**WHAT THE TASK ASKS:** Look through the records that follow. Copy every line containing the word "plane".

Items from a dataset
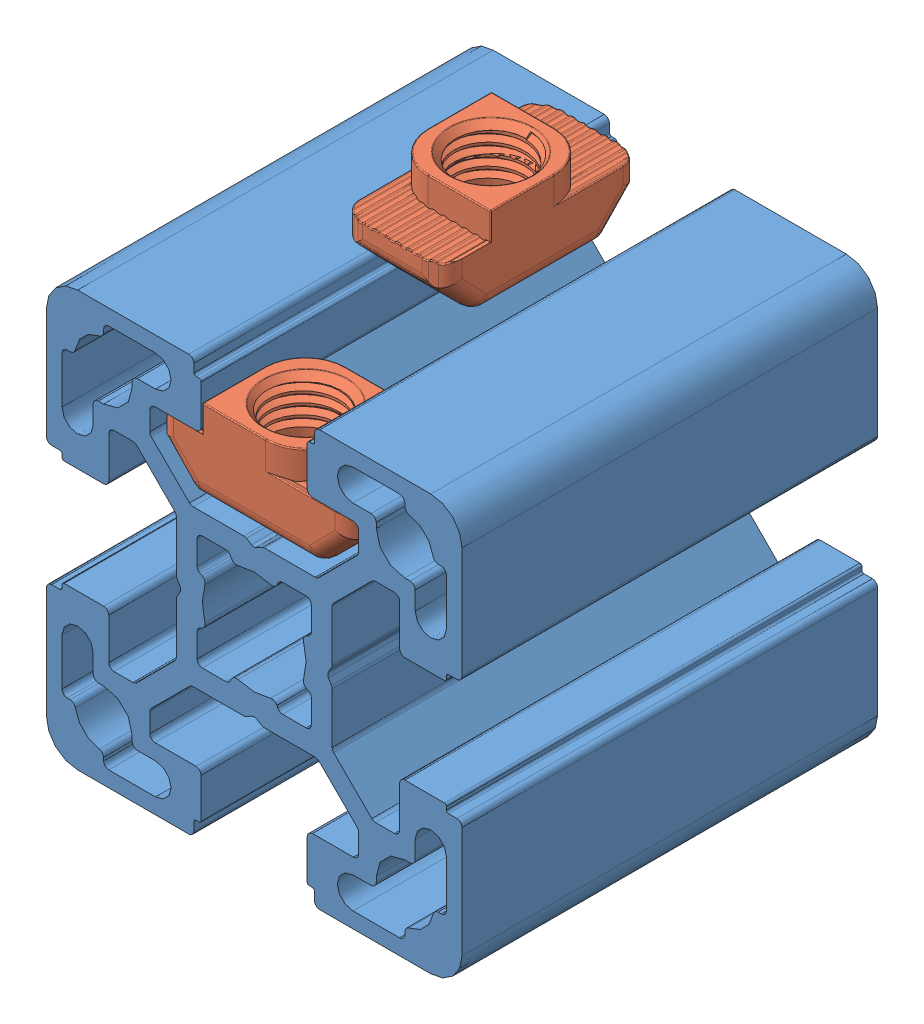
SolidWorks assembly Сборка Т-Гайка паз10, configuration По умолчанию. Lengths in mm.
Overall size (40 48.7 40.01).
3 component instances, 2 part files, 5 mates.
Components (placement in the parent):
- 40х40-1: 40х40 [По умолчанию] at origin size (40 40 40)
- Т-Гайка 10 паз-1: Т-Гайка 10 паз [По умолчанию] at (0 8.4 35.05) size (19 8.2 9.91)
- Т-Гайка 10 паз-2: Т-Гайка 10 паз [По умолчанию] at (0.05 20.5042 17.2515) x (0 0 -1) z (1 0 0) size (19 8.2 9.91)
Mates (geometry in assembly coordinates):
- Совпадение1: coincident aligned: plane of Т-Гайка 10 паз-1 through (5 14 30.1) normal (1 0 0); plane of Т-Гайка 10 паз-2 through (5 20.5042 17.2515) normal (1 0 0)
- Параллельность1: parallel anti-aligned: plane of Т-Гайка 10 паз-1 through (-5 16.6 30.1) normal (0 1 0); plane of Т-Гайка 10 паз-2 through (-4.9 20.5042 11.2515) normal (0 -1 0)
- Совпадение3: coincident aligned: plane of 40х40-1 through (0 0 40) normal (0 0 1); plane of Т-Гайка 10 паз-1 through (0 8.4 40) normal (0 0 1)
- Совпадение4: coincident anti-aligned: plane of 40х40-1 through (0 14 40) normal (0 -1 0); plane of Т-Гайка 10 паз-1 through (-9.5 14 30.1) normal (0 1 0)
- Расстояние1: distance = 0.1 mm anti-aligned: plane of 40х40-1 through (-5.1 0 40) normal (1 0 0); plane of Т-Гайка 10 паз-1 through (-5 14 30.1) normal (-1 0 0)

**OUTPUT FOR THIS EXERCISE:**
- Совпадение1: coincident aligned: plane of Т-Гайка 10 паз-1 through (5 14 30.1) normal (1 0 0); plane of Т-Гайка 10 паз-2 through (5 20.5042 17.2515) normal (1 0 0)
- Параллельность1: parallel anti-aligned: plane of Т-Гайка 10 паз-1 through (-5 16.6 30.1) normal (0 1 0); plane of Т-Гайка 10 паз-2 through (-4.9 20.5042 11.2515) normal (0 -1 0)
- Совпадение3: coincident aligned: plane of 40х40-1 through (0 0 40) normal (0 0 1); plane of Т-Гайка 10 паз-1 through (0 8.4 40) normal (0 0 1)
- Совпадение4: coincident anti-aligned: plane of 40х40-1 through (0 14 40) normal (0 -1 0); plane of Т-Гайка 10 паз-1 through (-9.5 14 30.1) normal (0 1 0)
- Расстояние1: distance = 0.1 mm anti-aligned: plane of 40х40-1 through (-5.1 0 40) normal (1 0 0); plane of Т-Гайка 10 паз-1 through (-5 14 30.1) normal (-1 0 0)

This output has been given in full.